#### WHAT NEEDS TO BE DONE:
Among the entries below, please repeat exactly and only the lines from the line containing "CUT_EXTRUDE10_DEPTH_BACK = 62.684104138" to the line containing "extrude(amount=BOSS_EXTRUDE2_DEPTH)", both lines included.

#### RECORDS PROVIDED:
- Opening Delimiter -

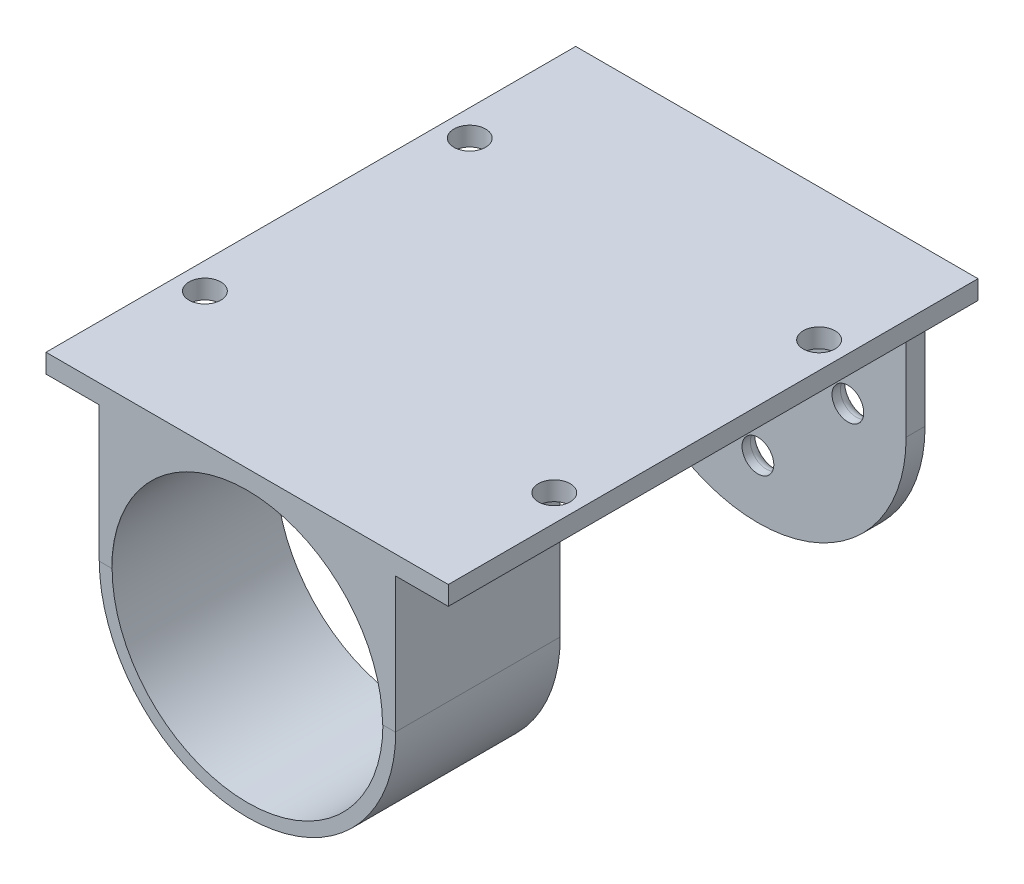
from build123d import *

# Parameters (mm, degrees)
SKETCH1_R                = 14
BOSS_EXTRUDE1_DEPTH      = 50
SKETCH5_W                = 28
SKETCH5_H                = 50.034880911
BOSS_EXTRUDE2_DEPTH      = 21
SKETCH2_R                = 12.791811967
CUT_EXTRUDE1_DEPTH       = 48
SKETCH3_R                = 4
CUT_EXTRUDE2_DEPTH       = 49
SKETCH4_R                = 1.5
CUT_EXTRUDE3_DEPTH       = 49
SKETCH6_R                = 12.79
CUT_EXTRUDE5_DEPTH       = 21
SKETCH7_W                = 28
SKETCH7_H                = 4.634699127
CUT_EXTRUDE6_DEPTH       = 53
SKETCH8_W                = 50.034880911
SKETCH8_H                = 3.58
BOSS_EXTRUDE3_DEPTH      = 5
SKETCH13_R               = 1.5
CUT_EXTRUDE7_DEPTH       = 5
SKETCH14_W               = 50.034880911
SKETCH14_H               = 3.58
BOSS_EXTRUDE4_DEPTH      = 5
SKETCH15_R               = 1.5
CUT_EXTRUDE8_DEPTH       = 5
FILLET1_R                = 1
FILLET2_R                = 1
CUT_EXTRUDE9_DEPTH       = 56.96706514
CUT_EXTRUDE9_DEPTH_BACK  = 56.96706514
SKETCH16_W               = 38
SKETCH16_H               = 1.79
CUT_EXTRUDE10_DEPTH      = 62.684104138
CUT_EXTRUDE10_DEPTH_BACK = 62.684104138
SKETCH19_W               = 32.670016371
SKETCH19_H               = 14
SKETCH19_H_2             = 12.785300873


with BuildPart() as part:
    # Sketch1 → Boss-Extrude1 (new body)
    with BuildSketch(Plane.XY):
        with Locations(Location((0, 0, 0), (0, 0, 180))):
            Circle(SKETCH1_R)
    extrude(amount=BOSS_EXTRUDE1_DEPTH)

    # Sketch5 → Boss-Extrude2 (add)
    with BuildSketch(Plane(origin=(0, 0, 0), x_dir=(1, 0, 0), z_dir=(0, 1, 0))):
        with Locations((0, -25.017440456)):
            Rectangle(SKETCH5_W, SKETCH5_H)
    extrude(amount=BOSS_EXTRUDE2_DEPTH)

    # Sketch2 → Cut-Extrude1 (cut)
    with BuildSketch(Plane.XY.offset(50)):
        Circle(SKETCH2_R)
    extrude(amount=-CUT_EXTRUDE1_DEPTH, mode=Mode.SUBTRACT)

    # Sketch3 → Cut-Extrude2 (cut)
    with BuildSketch(Plane(origin=(0, 0, 0), x_dir=(-1, 0, 0), z_dir=(0, 0, -1))):
        Circle(SKETCH3_R)
    extrude(amount=-CUT_EXTRUDE2_DEPTH, mode=Mode.SUBTRACT)

    # Sketch4 → Cut-Extrude3 (cut)
    with BuildSketch(Plane(origin=(0, 0, 0), x_dir=(-1, 0, 0), z_dir=(0, 0, -1))):
        with Locations((0, -8.5)):
            Circle(SKETCH4_R)
        with Locations((0, 8.5)):
            Circle(SKETCH4_R)
        with Locations((8.5, 0)):
            Circle(SKETCH4_R)
        with Locations((-8.5, 0)):
            Circle(SKETCH4_R)
    extrude(amount=-CUT_EXTRUDE3_DEPTH, mode=Mode.SUBTRACT)

    # Sketch6 → Cut-Extrude5 (cut)
    with BuildSketch(Plane.XY.offset(50.034880911)):
        Circle(SKETCH6_R)
    extrude(amount=-CUT_EXTRUDE5_DEPTH, mode=Mode.SUBTRACT)

    # Sketch7 → Cut-Extrude6 (cut)
    with BuildSketch(Plane.XY.offset(50.034880911)):
        with Locations((0, 18.682650437)):
            Rectangle(SKETCH7_W, SKETCH7_H)
    extrude(amount=-CUT_EXTRUDE6_DEPTH, mode=Mode.SUBTRACT)

    # Sketch8 → Boss-Extrude3 (add)
    with BuildSketch(Plane(origin=(14, 0, 0), x_dir=(0, 0, -1), z_dir=(1, 0, 0))):
        with Locations((-25.017440456, 14.575300873)):
            Rectangle(SKETCH8_W, SKETCH8_H)
    extrude(amount=BOSS_EXTRUDE3_DEPTH)

    # Sketch13 → Cut-Extrude7 (cut)
    with BuildSketch(Plane.XZ.offset(-12.785300873)):
        with Locations(Location((16.5, 37.526160683, 0), (0, 0, 270))):
            Circle(SKETCH13_R)
        with Locations(Location((16.5, 12.508720228, 0), (0, 0, 270))):
            Circle(SKETCH13_R)
    extrude(amount=-CUT_EXTRUDE7_DEPTH, mode=Mode.SUBTRACT)

    # Sketch14 → Boss-Extrude4 (add)
    with BuildSketch(Plane.ZY.offset(14)):
        with Locations((25.017440456, 14.575300873)):
            Rectangle(SKETCH14_W, SKETCH14_H)
    extrude(amount=BOSS_EXTRUDE4_DEPTH)

    # Sketch15 → Cut-Extrude8 (cut)
    with BuildSketch(Plane.XZ.offset(-12.785300873)):
        with Locations(Location((-16.5, 12.508720228, 0), (0, 0, 270))):
            Circle(SKETCH15_R)
        with Locations(Location((-16.5, 37.526160683, 0), (0, 0, 270))):
            Circle(SKETCH15_R)
    extrude(amount=-CUT_EXTRUDE8_DEPTH, mode=Mode.SUBTRACT)

    # Fillet1
    fillet1_edges = [part.edges().sort_by_distance(p)[0] for p in [
        (10, 0, 0),
    ]]
    fillet(fillet1_edges, radius=FILLET1_R)

    # Fillet2
    fillet2_edges = [part.edges().sort_by_distance(p)[0] for p in [
        (1.5, -8.5, 0),
        (1.5, 8.5, 0),
        (-7, 0, 0),
    ]]
    fillet(fillet2_edges, radius=FILLET2_R)

    # Sketch16 → Cut-Extrude9 (cut, two sides: drawn at the far end of the back side and taken through both)
    with BuildSketch(Plane(origin=(0, 0, 0), x_dir=(-1, 0, 0), z_dir=(0, 0, -1)).offset(-CUT_EXTRUDE9_DEPTH_BACK)):
        with Locations((0, 15.470300873)):
            Rectangle(SKETCH16_W, SKETCH16_H)
    extrude(amount=CUT_EXTRUDE9_DEPTH + CUT_EXTRUDE9_DEPTH_BACK, mode=Mode.SUBTRACT)

    # Sketch19 → Cut-Extrude10 (cut, two sides: drawn at the far end of the back side and taken through both)
    with BuildSketch(Plane(origin=(14, 0, 0), x_dir=(0, 0, -1), z_dir=(1, 0, 0)).offset(-CUT_EXTRUDE10_DEPTH_BACK)):
        with Locations((-18.125008186, -7)):
            Rectangle(SKETCH19_W, SKETCH19_H)
        with Locations((-18.125008186, 6.392650437)):
            Rectangle(SKETCH19_W, SKETCH19_H_2)
    extrude(amount=CUT_EXTRUDE10_DEPTH + CUT_EXTRUDE10_DEPTH_BACK, mode=Mode.SUBTRACT)


solid = part.part
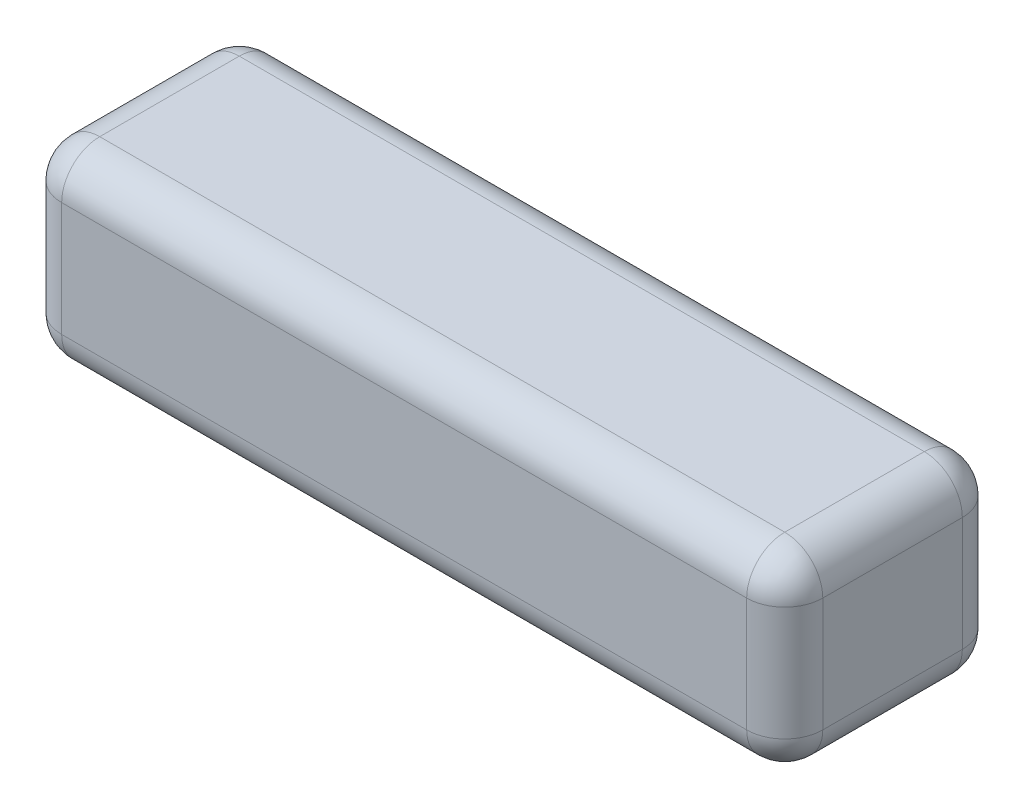
from build123d import *

# Parameters (mm, degrees)
SKETCH1_W           = 60
SKETCH1_H           = 17
BOSS_EXTRUDE1_DEPTH = 15
FILLET2_R           = 3


with BuildPart() as part:
    # Sketch1 → Boss-Extrude1 (new body)
    with BuildSketch(Plane(origin=(0, 0, 0), x_dir=(1, 0, 0), z_dir=(0, 1, 0))):
        Rectangle(SKETCH1_W, SKETCH1_H)
    extrude(amount=BOSS_EXTRUDE1_DEPTH)

    # Fillet2
    fillet2_edges = [part.edges().sort_by_distance(p)[0] for p in [
        (-30, 15, 0),
        (0, 15, 8.5),
        (30, 15, 0),
        (0, 0, 8.5),
        (-30, 0, 0),
        (0, 0, -8.5),
        (30, 0, 0),
        (30, 7.5, 8.5),
        (-30, 7.5, 8.5),
        (-30, 7.5, -8.5),
        (30, 7.5, -8.5),
        (0, 15, -8.5),
    ]]
    fillet(fillet2_edges, radius=FILLET2_R)


solid = part.part
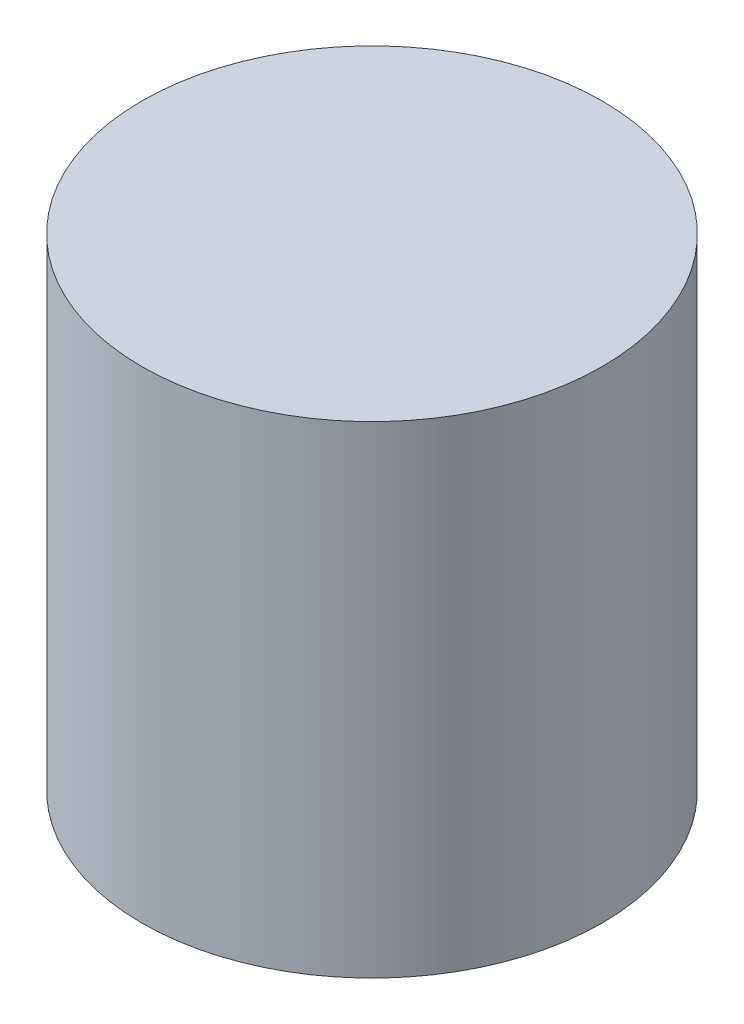
from build123d import *

# Parameters (mm, degrees)
SKETCH1_R           = 4.775
BOSS_EXTRUDE1_DEPTH = 5


with BuildPart() as part:
    # Sketch1 → Boss-Extrude1 (new, symmetric)
    with BuildSketch(Plane(origin=(0, 0, 0), x_dir=(1, 0, 0), z_dir=(0, 1, 0))):
        with Locations(Location((0, 0, 0), (0, 0, 270))):
            Circle(SKETCH1_R)
    extrude(amount=BOSS_EXTRUDE1_DEPTH, both=True)


solid = part.part

- Closing Delimiter -

#### RESULT:
CUT_EXTRUDE10_DEPTH_BACK = 62.684104138
SKETCH19_W               = 32.670016371
SKETCH19_H               = 14
SKETCH19_H_2             = 12.785300873


with BuildPart() as part:
    # Sketch1 → Boss-Extrude1 (new body)
    with BuildSketch(Plane.XY):
        with Locations(Location((0, 0, 0), (0, 0, 180))):
            Circle(SKETCH1_R)
    extrude(amount=BOSS_EXTRUDE1_DEPTH)

    # Sketch5 → Boss-Extrude2 (add)
    with BuildSketch(Plane(origin=(0, 0, 0), x_dir=(1, 0, 0), z_dir=(0, 1, 0))):
        with Locations((0, -25.017440456)):
            Rectangle(SKETCH5_W, SKETCH5_H)
    extrude(amount=BOSS_EXTRUDE2_DEPTH)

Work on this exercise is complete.